# New to Soil/Organic



## willowgrow (Sep 11, 2009)

Hey all, so after taking a break from growing i've decided to step back in and setup another grow.  My previous grow of two plants in DWC was a good learning experience but I want to try something different.  I want to go with a soil grow this time and i figured why not go organic?  After a little research i came up with a few questions:
- Will I be ok if using 100% FFOF from start-finish as long as I water regularly with PHd water?
- If not, what nutes should I look at buying?
- How often & how much should I water/feed them ?
- Should I mix FFOF w/ perlite or is it ready to go?

Thanks in advance!


----------



## umbra (Sep 11, 2009)

willowgrow said:
			
		

> Hey all, so after taking a break from growing i've decided to step back in and setup another grow.  My previous grow of two plants in DWC was a good learning experience but I want to try something different.  I want to go with a soil grow this time and i figured why not go organic?  After a little research i came up with a few questions:
> - Will I be ok if using 100% FFOF from start-finish as long as I water regularly with PHd water?
> - If not, what nutes should I look at buying?
> - How often & how much should I water/feed them ?
> ...



All good questions.
FFOF is good, definitely mix in more perlite. With FFOF, it will last your plants 2 to 3 weeks. Then some sort of fert will be needed. FF makes nutes for soil. They are not 100% organic, but pretty close. Start with 1/4 strength and increase to 100%. Then just follow the feeding schedule from FF. When to feed them, is a function of how fast they grow. Pick up container and feel it. If it feels light, feed 'em.


----------



## krymphus (Sep 11, 2009)

or you could always check out subcools articles on his soil mixes, allows you to go the whole cycle without fertilizing, i like to use alfalfa meal from dr.earth its 4-2-4 and mix it about a tbs a gallon of dirt(i just made a post called krymphus' mix".  If you want a more complete organic mixture the more variety the better but also the more costly, and you will not see that many differences in results compared to just throwing in what is in subcools soil mix.  I personally liek to stay away from fox farms just because i like to save money so i buy cheaper base dirts like black gold, and whatever composted soil mix is cheap, then throw in som perlite and some organic nutrients to cover all the N-P-K values youll need as well as you Calcium, Magnesium, etc.


----------



## umbra (Sep 12, 2009)

krymphus said:
			
		

> or you could always check out subcools articles on his soil mixes, allows you to go the whole cycle without fertilizing, i like to use alfalfa meal from dr.earth its 4-2-4 and mix it about a tbs a gallon of dirt(i just made a post called krymphus' mix".  If you want a more complete organic mixture the more variety the better but also the more costly, and you will not see that many differences in results compared to just throwing in what is in subcools soil mix.  I personally liek to stay away from fox farms just because i like to save money so i buy cheaper base dirts like black gold, and whatever composted soil mix is cheap, then throw in som perlite and some organic nutrients to cover all the N-P-K values youll need as well as you Calcium, Magnesium, etc.

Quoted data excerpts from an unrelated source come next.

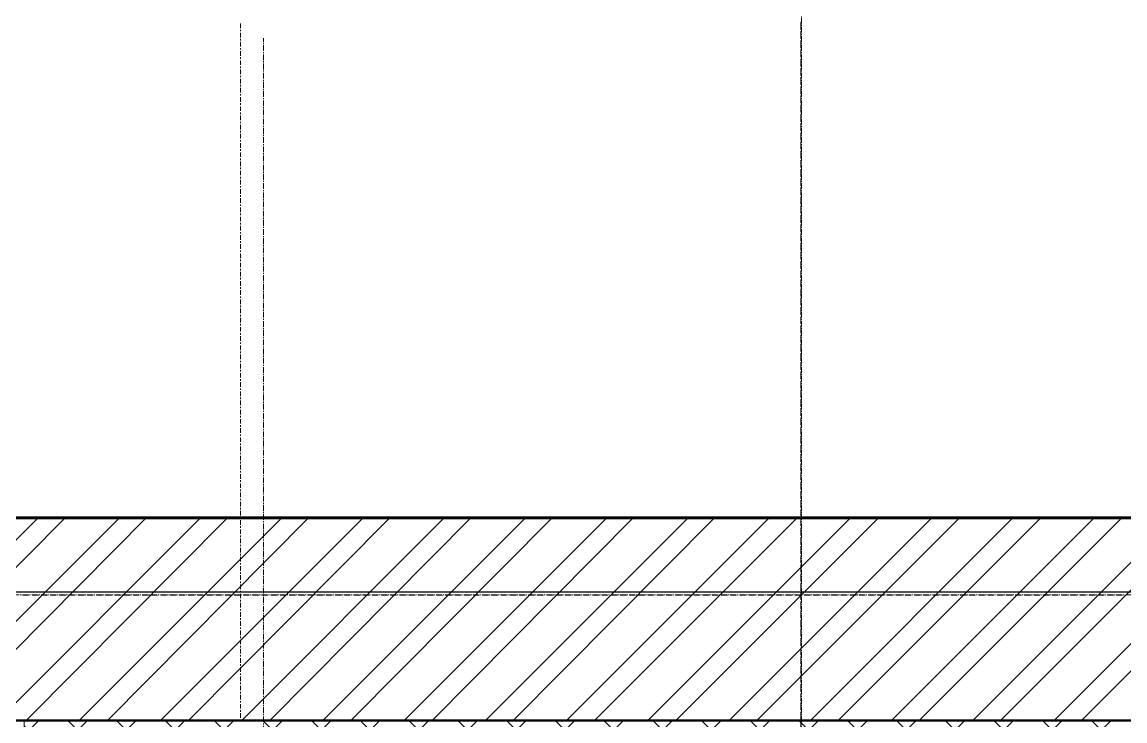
# Model space of a CAD drawing. Header units: millimetres. Extents: x -10178924 to 11692288, y -947381 to 58396.
# Drawn here: x 745754 to 748802, y -829089 to -827158 of the extents above; entities that cross this region are included whole.
import ezdxf

# ---------------------------------------------------------------- set-up
doc = ezdxf.new("R2010")
doc.units = ezdxf.units.MM
doc.linetypes.add('осевая', pattern=[50.8, 31.75, -6.35, 6.35, -6.35])
for name, color, linetype, true_color in [('PDF _Оси', 8, 'Continuous', 0x414141), ('PDF _Размеры осевые', 7, 'Continuous', 0x5d6970), ('PDF _штриховка', 7, 'Continuous', 0x95834a)]:
    doc.layers.add(name, color=color, linetype=linetype, true_color=true_color)
doc.layers.add('PDF _Стены.1', color=7, linetype='Continuous')
for name, color, linetype, lineweight in [('Оси', 253, 'Continuous', 9), ('Размеры осевые', 153, 'Continuous', 9), ('Стены.1', 7, 'Continuous', 25), ('ШТРИХОВКА', 252, 'Continuous', 15)]:
    doc.layers.add(name, color=color, linetype=linetype, lineweight=lineweight)

# ---------------------------------------------------------------- blocks, each defined once
blk = doc.blocks.new('A$C5282721b')
at = {"layer": 'ШТРИХОВКА', "ltscale": 100, "true_color": 0x000000, "transparency": 33554687}
h = blk.add_hatch(dxfattribs=at)
h.set_pattern_fill('ANSI31', color=18, scale=50)
h.set_pattern_definition([(45, (-79853.19, 25128.16), (-112.2532, 112.2532), [])])
h.paths.add_polyline_path([(5440.998, -31868.119), (-7386.275, -31868.119), (-7386.275, -48296.478), (61378.75, -48296.478), (61378.75, -31842.839), (41035.118, -31842.839), (41035.118, -31656.036), (40796.248, -31656.036), (40796.248, -31842.839), (40629.962, -31842.839), (40629.962, -31942.839), (40605.14, -34348.621), (40629.93, -32405.355), (39128.581, -32429.908), (40629.962, -32402.839), (40629.675, -32155.326), (39132.149, -32179.816), (39135.64, -31968.17), (38886.085, -31968.17), (38879.867, -32433.975), (40623.548, -32405.459), (40553.111, -38427.181), (40243.01, -38425.516), (40241.748, -38827.97), (43340.219, -38835.027), (43340.219, -38442.147), (40953.116, -38429.329), (41029.994, -32402.839), (54378.974, -32402.839), (54378.974, -35923.465), (54778.974, -35923.465), (54778.974, -32402.839), (60818.75, -32402.839), (60818.75, -41309.464), (60472.291, -41309.464), (60472.291, -41709.464), (60818.75, -41709.464), (60818.75, -47736.478), (44025.201, -47736.478), (44013.125, -46167.929), (43613.137, -46171.008), (43625.189, -47736.478), (27189.462, -47736.478), (27189.462, -44565.139), (26789.462, -44565.139), (26789.462, -47736.478), (10401.743, -47736.478), (10394.408, -46134.647), (9994.404, -46134.678), (10001.739, -47736.478), (-6826.275, -47736.478), (-6826.275, -41729.869), (-6530.734, -41731.097), (-6529.072, -41331.1), (-6826.275, -41329.865), (-6826.275, -32428.119), (-762.705, -32428.119), (-770.891, -36004.088), (-370.903, -36005.35), (-362.703, -32428.119), (5640.998, -32428.119), (5640.998, -31868.119)])
h.paths.add_polyline_path([(3584.804, -41373.023), (3584.804, -41773.13), (9973.974, -41799.679), (9987.536, -44634.678), (10387.54, -44634.678), (10372.735, -41401.332)], flags=17)
h.paths.add_polyline_path([(2513.142, -41768.578), (2514.803, -41368.779), (-383.184, -41356.638), (-371.114, -37407.013), (-774.123, -37406.088), (-783.181, -41354.976), (-5508.242, -41335.314), (-5509.901, -41734.604)], flags=17)
at = {"layer": 'ШТРИХОВКА', "lineweight": 9, "true_color": 0x000000, "transparency": 33554687}
h = blk.add_hatch(dxfattribs=at)
h.set_pattern_fill('ANSI37', color=18, scale=30, style=0)
h.set_pattern_definition([(45, (-41795451.25, -1495764.39), (-67.3519209, 67.3519209), []), (135, (-41795451.25, -1495764.39), (-67.3519209, -67.3519209), [])])
h.paths.add_polyline_path([(30680.879, -48296.478), (23402.93, -48296.478), (23399.762, -48466.478), (30680.879, -48466.478)])
at = {"layer": 'Оси', "color": 18, "ltscale": 50, "true_color": 0x000000, "transparency": 33554687}
blk.add_line((21498.839, -47941.478), (31379.92, -47941.478), dxfattribs=at)
at = {"layer": 'Размеры осевые', "color": 251, "linetype": 'осевая', "ltscale": 0.5, "transparency": 33554687}
for p, q in [((25550, -58512.867), (25550, -4812.867)), ((24062.718, -58512.867), (24062.718, -46412.867)), ((-9750, -47950), (62308.109, -47950))]:
    blk.add_line(p, q, dxfattribs=at)
at = {"layer": 'Стены.1', "color": 18, "linetype": 'Continuous', "true_color": 0x000000, "transparency": 33554687}
blk.add_line((22260.788, -47737.702), (31384.058, -47737.702), dxfattribs=at)
at = {"layer": 'Стены.1', "color": 18, "linetype": 'Continuous', "true_color": 0x000000, "transparency": 33554687, "flags": 128}
for points in [[(26789.462, -47736.478), (10401.743, -47736.478)], [(27189.462, -48296.478), (10001.739, -48296.478)], [(22252.998, -48296.478), (31381.805, -48296.478)]]:
    blk.add_lwpolyline(points, dxfattribs=at)
at = {"layer": 'ШТРИХОВКА', "color": 18, "lineweight": 9, "true_color": 0x000000, "transparency": 33554687}
blk.add_line((23401.346, -48466.478), (23401.346, -48296.478), dxfattribs=at)

msp = doc.modelspace()

# ---------------------------------------------------------------- linework, layer by layer
at = {"layer": 'PDF _Оси', "color": 8, "lineweight": 9, "true_color": 0x808080}
msp.add_lwpolyline([(743855.6, -828733.3), (753735.8, -828733.3)], dxfattribs=at)
at = {"layer": 'PDF _Размеры осевые', "lineweight": 9}
for points in [[(746357.5, -827175.4), (746357.5, -827162.7)], [(747906.9, -827179.6), (747906.9, -827162.7), (747906.9, -827158.5)], [(746357.5, -827183.9), (746357.5, -827179.6)], [(746357.5, -827200.8), (746357.5, -827188.1)], [(747906.9, -827205), (747906.9, -827188.1), (747906.9, -827183.9)], [(746357.5, -827209.3), (746357.5, -827205)], [(746357.5, -827226.2), (746357.5, -827213.5)], [(746357.5, -827234.7), (746357.5, -827230.4)], [(747906.9, -827230.4), (747906.9, -827213.5), (747906.9, -827209.3)], [(746357.5, -827251.6), (746357.5, -827238.9)], [(746357.5, -827260.1), (746357.5, -827255.8)], [(747906.9, -827255.8), (747906.9, -827238.9), (747906.9, -827234.7)], [(747906.9, -827281.2), (747906.9, -827264.3), (747906.9, -827260.1)], [(746357.5, -827277), (746357.5, -827264.3)], [(746357.5, -827285.5), (746357.5, -827281.2)], [(746357.5, -827302.4), (746357.5, -827289.7)], [(747906.9, -827306.6), (747906.9, -827289.7), (747906.9, -827285.5)], [(746357.5, -827310.9), (746357.5, -827306.6)], [(746357.5, -827327.8), (746357.5, -827315.1)], [(747906.9, -827332), (747906.9, -827315.1), (747906.9, -827310.9)], [(746357.5, -827336.3), (746357.5, -827332)], [(746357.5, -827353.2), (746357.5, -827340.5)], [(747906.9, -827357.4), (747906.9, -827340.5), (747906.9, -827336.3)], [(746357.5, -827361.7), (746357.5, -827357.4)], [(746357.5, -827378.6), (746357.5, -827365.9)], [(746357.5, -827387.1), (746357.5, -827382.8)], [(747906.9, -827382.8), (747906.9, -827365.9), (747906.9, -827361.7)], [(746357.5, -827404), (746357.5, -827391.3)], [(746357.5, -827412.5), (746357.5, -827408.2)], [(747906.9, -827408.2), (747906.9, -827391.3), (747906.9, -827387.1)], [(747906.9, -827433.6), (747906.9, -827416.7), (747906.9, -827412.5)], [(746357.5, -827429.4), (746357.5, -827416.7)], [(746357.5, -827437.9), (746357.5, -827433.6)], [(746357.5, -827454.8), (746357.5, -827442.1)], [(747906.9, -827459), (747906.9, -827442.1), (747906.9, -827437.9)], [(746357.5, -827463.3), (746357.5, -827459)], [(746357.5, -827480.2), (746357.5, -827467.5)], [(747906.9, -827484.4), (747906.9, -827467.5), (747906.9, -827463.3)], [(746357.5, -827488.7), (746357.5, -827484.4)], [(746357.5, -827505.6), (746357.5, -827492.9)], [(747906.9, -827509.8), (747906.9, -827492.9), (747906.9, -827488.7)], [(746357.5, -827514.1), (746357.5, -827509.8)], [(746357.5, -827531), (746357.5, -827518.3)], [(746357.5, -827539.5), (746357.5, -827535.2)], [(747906.9, -827535.2), (747906.9, -827518.3), (747906.9, -827514.1)], [(746357.5, -827556.4), (746357.5, -827543.7)], [(746357.5, -827564.9), (746357.5, -827560.6)], [(747906.9, -827560.6), (747906.9, -827543.7), (747906.9, -827539.5)], [(747906.9, -827586), (747906.9, -827569.1), (747906.9, -827564.9)], [(746357.5, -827581.8), (746357.5, -827569.1)], [(746357.5, -827590.3), (746357.5, -827586)], [(746357.5, -827607.2), (746357.5, -827594.5)], [(747906.9, -827611.4), (747906.9, -827594.5), (747906.9, -827590.3)], [(746357.5, -827615.7), (746357.5, -827611.4)], [(746357.5, -827632.6), (746357.5, -827619.9)], [(747906.9, -827636.8), (747906.9, -827619.9), (747906.9, -827615.7)], [(746357.5, -827641.1), (746357.5, -827636.8)], [(746357.5, -827658), (746357.5, -827645.3)], [(747906.9, -827662.2), (747906.9, -827645.3), (747906.9, -827641.1)], [(746357.5, -827666.5), (746357.5, -827662.2)], [(746357.5, -827683.4), (746357.5, -827670.7)], [(746357.5, -827691.9), (746357.5, -827687.6)], [(747906.9, -827687.6), (747906.9, -827670.7), (747906.9, -827666.5)], [(746357.5, -827708.8), (746357.5, -827696.1)], [(746357.5, -827717.3), (746357.5, -827713)], [(747906.9, -827713), (747906.9, -827696.1), (747906.9, -827691.9)], [(747906.9, -827738.4), (747906.9, -827721.5), (747906.9, -827717.3)], [(746357.5, -827734.2), (746357.5, -827721.5)], [(746357.5, -827742.7), (746357.5, -827738.4)], [(746357.5, -827759.6), (746357.5, -827746.9)], [(747906.9, -827763.8), (747906.9, -827746.9), (747906.9, -827742.7)], [(746357.5, -827768.1), (746357.5, -827763.8)], [(746357.5, -827785), (746357.5, -827772.3)], [(747906.9, -827789.2), (747906.9, -827772.3), (747906.9, -827768.1)], [(746357.5, -827793.5), (746357.5, -827789.2)], [(746357.5, -827810.4), (746357.5, -827797.7)], [(747906.9, -827814.6), (747906.9, -827797.7), (747906.9, -827793.5)], [(746357.5, -827818.9), (746357.5, -827814.6)], [(746357.5, -827835.8), (746357.5, -827823.1)], [(746357.5, -827844.3), (746357.5, -827840)], [(747906.9, -827840), (747906.9, -827823.1), (747906.9, -827818.9)], [(746357.5, -827861.2), (746357.5, -827848.5)], [(746357.5, -827869.7), (746357.5, -827865.4)], [(747906.9, -827865.4), (747906.9, -827848.5), (747906.9, -827844.3)], [(747906.9, -827890.8), (747906.9, -827873.9), (747906.9, -827869.7)], [(746357.5, -827886.6), (746357.5, -827873.9)], [(746357.5, -827895.1), (746357.5, -827890.8)], [(746357.5, -827912), (746357.5, -827899.3)], [(747906.9, -827916.2), (747906.9, -827899.3), (747906.9, -827895.1)], [(746357.5, -827920.5), (746357.5, -827916.2)], [(746357.5, -827937.4), (746357.5, -827924.7)], [(747906.9, -827941.6), (747906.9, -827924.7), (747906.9, -827920.5)], [(746357.5, -827945.9), (746357.5, -827941.6)], [(746357.5, -827962.8), (746357.5, -827950.1)], [(747906.9, -827967), (747906.9, -827950.1), (747906.9, -827945.9)], [(746357.5, -827971.3), (746357.5, -827967)], [(746357.5, -827988.2), (746357.5, -827975.5)], [(746357.5, -827996.7), (746357.5, -827992.4)], [(747906.9, -827992.4), (747906.9, -827975.5), (747906.9, -827971.3)], [(746357.5, -828013.6), (746357.5, -828000.9)], [(746357.5, -828022.1), (746357.5, -828017.8)], [(747906.9, -828017.8), (747906.9, -828000.9), (747906.9, -827996.7)], [(747906.9, -828043.2), (747906.9, -828026.3), (747906.9, -828022.1)], [(746357.5, -828039), (746357.5, -828026.3)], [(746357.5, -828047.5), (746357.5, -828043.2)], [(746357.5, -828064.4), (746357.5, -828051.7)], [(747906.9, -828068.6), (747906.9, -828051.7), (747906.9, -828047.5)], [(746357.5, -828072.9), (746357.5, -828068.6)], [(746357.5, -828089.8), (746357.5, -828077.1)], [(747906.9, -828094), (747906.9, -828077.1), (747906.9, -828072.9)], [(746357.5, -828098.3), (746357.5, -828094)], [(746357.5, -828115.2), (746357.5, -828102.5)], [(747906.9, -828119.4), (747906.9, -828102.5), (747906.9, -828098.3)], [(746357.5, -828123.7), (746357.5, -828119.4)], [(746357.5, -828140.6), (746357.5, -828127.9)], [(746357.5, -828149.1), (746357.5, -828144.8)], [(747906.9, -828144.8), (747906.9, -828127.9), (747906.9, -828123.7)], [(746357.5, -828166), (746357.5, -828153.3)], [(746357.5, -828174.5), (746357.5, -828170.2)], [(747906.9, -828170.2), (747906.9, -828153.3), (747906.9, -828149.1)], [(747906.9, -828195.6), (747906.9, -828178.7), (747906.9, -828174.5)], [(746357.5, -828191.4), (746357.5, -828178.7)], [(746357.5, -828199.9), (746357.5, -828195.6)], [(746357.5, -828216.8), (746357.5, -828204.1)], [(747906.9, -828221), (747906.9, -828204.1), (747906.9, -828199.9)], [(746357.5, -828225.3), (746357.5, -828221)], [(746357.5, -828242.2), (746357.5, -828229.5)], [(747906.9, -828246.4), (747906.9, -828229.5), (747906.9, -828225.3)], [(746357.5, -828250.7), (746357.5, -828246.4)], [(746357.5, -828267.6), (746357.5, -828254.9)], [(747906.9, -828271.9), (747906.9, -828254.9), (747906.9, -828250.7)], [(746357.5, -828276.1), (746357.5, -828271.9)], [(746357.5, -828293), (746357.5, -828280.3)], [(746357.5, -828301.5), (746357.5, -828297.3)], [(747906.9, -828297.3), (747906.9, -828280.3), (747906.9, -828276.1)], [(746357.5, -828318.4), (746357.5, -828305.7)], [(746357.5, -828326.9), (746357.5, -828322.7)], [(747906.9, -828322.7), (747906.9, -828305.7), (747906.9, -828301.5)], [(747906.9, -828348.1), (747906.9, -828331.1), (747906.9, -828326.9)], [(746357.5, -828343.8), (746357.5, -828331.1)], [(746357.5, -828352.3), (746357.5, -828348.1)], [(746357.5, -828369.2), (746357.5, -828356.5)], [(747906.9, -828373.4), (747906.9, -828356.5), (747906.9, -828352.3)], [(746357.5, -828377.7), (746357.5, -828373.5)], [(746357.5, -828394.6), (746357.5, -828381.9)], [(747906.9, -828398.9), (747906.9, -828381.9), (747906.9, -828377.7)], [(746357.5, -828403.1), (746357.5, -828398.9)], [(746357.5, -828420), (746357.5, -828407.3)], [(747906.9, -828424.3), (747906.9, -828407.3), (747906.9, -828403.1)], [(746357.5, -828428.5), (746357.5, -828424.3)], [(746357.5, -828445.4), (746357.5, -828432.7)], [(746357.5, -828453.9), (746357.5, -828449.7)], [(747906.9, -828449.7), (747906.9, -828432.7), (747906.9, -828428.5)], [(746357.5, -828470.8), (746357.5, -828458.1)], [(746357.5, -828479.3), (746357.5, -828475.1)], [(747906.9, -828475.1), (747906.9, -828458.1), (747906.9, -828453.9)], [(747906.9, -828500.5), (747906.9, -828483.5), (747906.9, -828479.3)], [(746357.5, -828496.2), (746357.5, -828483.5)], [(746357.5, -828504.7), (746357.5, -828500.5)], [(746357.5, -828521.6), (746357.5, -828508.9)], [(747906.9, -828525.9), (747906.9, -828508.9), (747906.9, -828504.7)], [(746357.5, -828530.1), (746357.5, -828525.9)], [(746357.5, -828547), (746357.5, -828534.3)], [(747906.9, -828551.3), (747906.9, -828534.3), (747906.9, -828530.1)], [(746357.5, -828555.5), (746357.5, -828551.3)], [(746357.5, -828572.4), (746357.5, -828559.7)], [(747906.9, -828576.7), (747906.9, -828559.7), (747906.9, -828555.5)], [(746357.5, -828580.9), (746357.5, -828576.7)], [(746357.5, -828597.8), (746357.5, -828585.1)], [(746357.5, -828606.3), (746357.5, -828602.1)], [(747906.9, -828602.1), (747906.9, -828585.1), (747906.9, -828580.9)], [(746357.5, -828623.2), (746357.5, -828610.5)], [(746357.5, -828631.7), (746357.5, -828627.5)], [(747906.9, -828627.5), (747906.9, -828610.5), (747906.9, -828606.3)], [(747906.9, -828652.9), (747906.9, -828635.9), (747906.9, -828631.7)], [(746357.5, -828648.6), (746357.5, -828635.9)], [(746357.5, -828657.1), (746357.5, -828652.9)], [(746357.5, -828674), (746357.5, -828661.3)], [(747906.9, -828678.3), (747906.9, -828661.3), (747906.9, -828657.1)], [(746357.5, -828682.5), (746357.5, -828678.3)], [(746357.5, -828699.4), (746357.5, -828686.7)], [(747906.9, -828703.7), (747906.9, -828686.7), (747906.9, -828682.5)], [(746357.5, -828707.9), (746357.5, -828703.7)], [(746357.5, -828724.8), (746357.5, -828712.1)], [(747906.9, -828729.1), (747906.9, -828712.1), (747906.9, -828707.9)], [(745756.4, -828741.8), (745773.3, -828741.8)], [(745777.5, -828741.8), (745777.5, -828741.8)], [(745781.8, -828741.8), (745798.7, -828741.8)], [(745802.9, -828741.8), (745802.9, -828741.8)], [(745807.1, -828741.8), (745824.1, -828741.8)], [(745828.3, -828741.8), (745828.3, -828741.8)], [(745832.5, -828741.8), (745849.5, -828741.8)], [(745853.7, -828741.8), (745853.7, -828741.8)], [(745857.9, -828741.8), (745874.9, -828741.8)], [(745879.1, -828741.8), (745879.1, -828741.8)], [(745883.4, -828741.8), (745900.3, -828741.8)], [(745904.5, -828741.8), (745904.5, -828741.8)], [(745908.8, -828741.8), (745925.7, -828741.8)], [(745929.9, -828741.8), (745929.9, -828741.8)], [(745934.1, -828741.8), (745951.1, -828741.8)], [(745955.3, -828741.8), (745955.3, -828741.8)], [(745959.6, -828741.8), (745976.5, -828741.8)], [(745980.7, -828741.8), (745980.7, -828741.8)], [(745985, -828741.8), (746001.9, -828741.8)], [(746006.1, -828741.8), (746006.1, -828741.8)], [(746010.4, -828741.8), (746027.3, -828741.8)], [(746031.5, -828741.8), (746031.5, -828741.8)], [(746035.8, -828741.8), (746052.7, -828741.8)], [(746056.9, -828741.8), (746056.9, -828741.8)], [(746061.1, -828741.8), (746078.1, -828741.8)], [(746082.3, -828741.8), (746082.3, -828741.8)], [(746086.6, -828741.8), (746103.5, -828741.8)], [(746107.7, -828741.8), (746107.7, -828741.8)], [(746112, -828741.8), (746128.9, -828741.8)], [(746133.1, -828741.8), (746133.1, -828741.8)], [(746137.4, -828741.8), (746154.3, -828741.8)], [(746158.5, -828741.8), (746158.5, -828741.8)], [(746162.8, -828741.8), (746179.7, -828741.8)], [(746183.9, -828741.8), (746183.9, -828741.8)], [(746188.2, -828741.8), (746205.1, -828741.8)], [(746209.3, -828741.8), (746209.3, -828741.8)], [(746213.6, -828741.8), (746230.5, -828741.8)], [(746234.7, -828741.8), (746234.7, -828741.8)], [(746239, -828741.8), (746255.9, -828741.8)], [(746260.1, -828741.8), (746260.1, -828741.8)], [(746264.4, -828741.8), (746281.3, -828741.8)], [(746285.5, -828741.8), (746285.5, -828741.8)], [(746289.8, -828741.8), (746306.7, -828741.8)], [(746310.9, -828741.8), (746310.9, -828741.8)], [(746315.2, -828741.8), (746332.1, -828741.8)], [(746336.3, -828741.8), (746336.3, -828741.8)], [(746340.6, -828741.8), (746357.5, -828741.8)], [(746357.5, -828733.3), (746357.5, -828729.1)], [(746357.5, -828750.2), (746357.5, -828737.5)], [(746357.5, -828758.7), (746357.5, -828754.5)], [(746361.7, -828741.8), (746361.7, -828741.8)], [(746366, -828741.8), (746382.9, -828741.8)], [(746387.1, -828741.8), (746387.1, -828741.8)], [(746391.4, -828741.8), (746408.3, -828741.8)], [(746412.5, -828741.8), (746412.5, -828741.8)], [(746416.8, -828741.8), (746433.7, -828741.8)], [(746437.9, -828741.8), (746437.9, -828741.8)], [(746442.2, -828741.8), (746459.1, -828741.8)], [(746463.3, -828741.8), (746463.3, -828741.8)], [(746467.6, -828741.8), (746484.5, -828741.8)], [(746488.7, -828741.8), (746488.7, -828741.8)], [(746493, -828741.8), (746509.9, -828741.8)], [(746514.1, -828741.8), (746514.1, -828741.8)], [(746518.4, -828741.8), (746535.3, -828741.8)], [(746539.5, -828741.8), (746539.5, -828741.8)], [(746543.8, -828741.8), (746560.7, -828741.8)], [(746564.9, -828741.8), (746564.9, -828741.8)], [(746569.2, -828741.8), (746586.1, -828741.8)], [(746590.3, -828741.8), (746590.3, -828741.8)], [(746594.6, -828741.8), (746611.5, -828741.8)], [(746615.7, -828741.8), (746615.7, -828741.8)], [(746620, -828741.8), (746636.9, -828741.8)], [(746641.1, -828741.8), (746641.1, -828741.8)], [(746645.4, -828741.8), (746662.3, -828741.8)], [(746666.5, -828741.8), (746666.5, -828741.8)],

Subcools supersoil works pretty good, but not what I would consider for a first timer. Just use the FFOF with perlite and grow big, big bloom, and tiger bloom and get a few grows under your belt. Then you get start mixing your own soil.


----------



## Super Silver Haze (Oct 21, 2009)

worm castings wouldnt hurt.


----------



## Mutt (Oct 21, 2009)

umbra said:
			
		

> Subcools supersoil works pretty good, but not what I would consider for a first timer. Just use the FFOF with perlite and grow big, big bloom, and tiger bloom and get a few grows under your belt. Then you get start mixing your own soil.



:yeahthat: The thing with doing soil mixes and organic teas (what i consider true organic growing...Working with microbial life) Gets complicated esp. when it comes to trouble shooting. Plus a lot of the so called "golden rules" of growing such as soil PH, what to mix together what not to...how to deal with deficiencies, ect. Go out the window.

Go the easy way first. Your chances of getting a successful first harvest is to do what umbra said


----------



## dirtyolsouth (Oct 26, 2009)

:yeahthat:    :yeahthat:

Yup... Keep it simple willow... FFOF is a great start and the FF nutes have been used for millions of successful grows....

Happy Growing!


----------



## Alistair (Nov 29, 2009)

Yeah, I'm not quite sure how to understand the balancing act of organic growing. It really sounds complicated.  However, something pure and basic, and  as natural as organic growing, shouldn't be a brain stormer.  Just the same, I get confused and don't have the confidence to try it.  I like Umbra's advice.  I might try it sometime.  Just use the liquid fertilizers, and perhaps a ting boost of the granular FF nutes once in awhile for a boost.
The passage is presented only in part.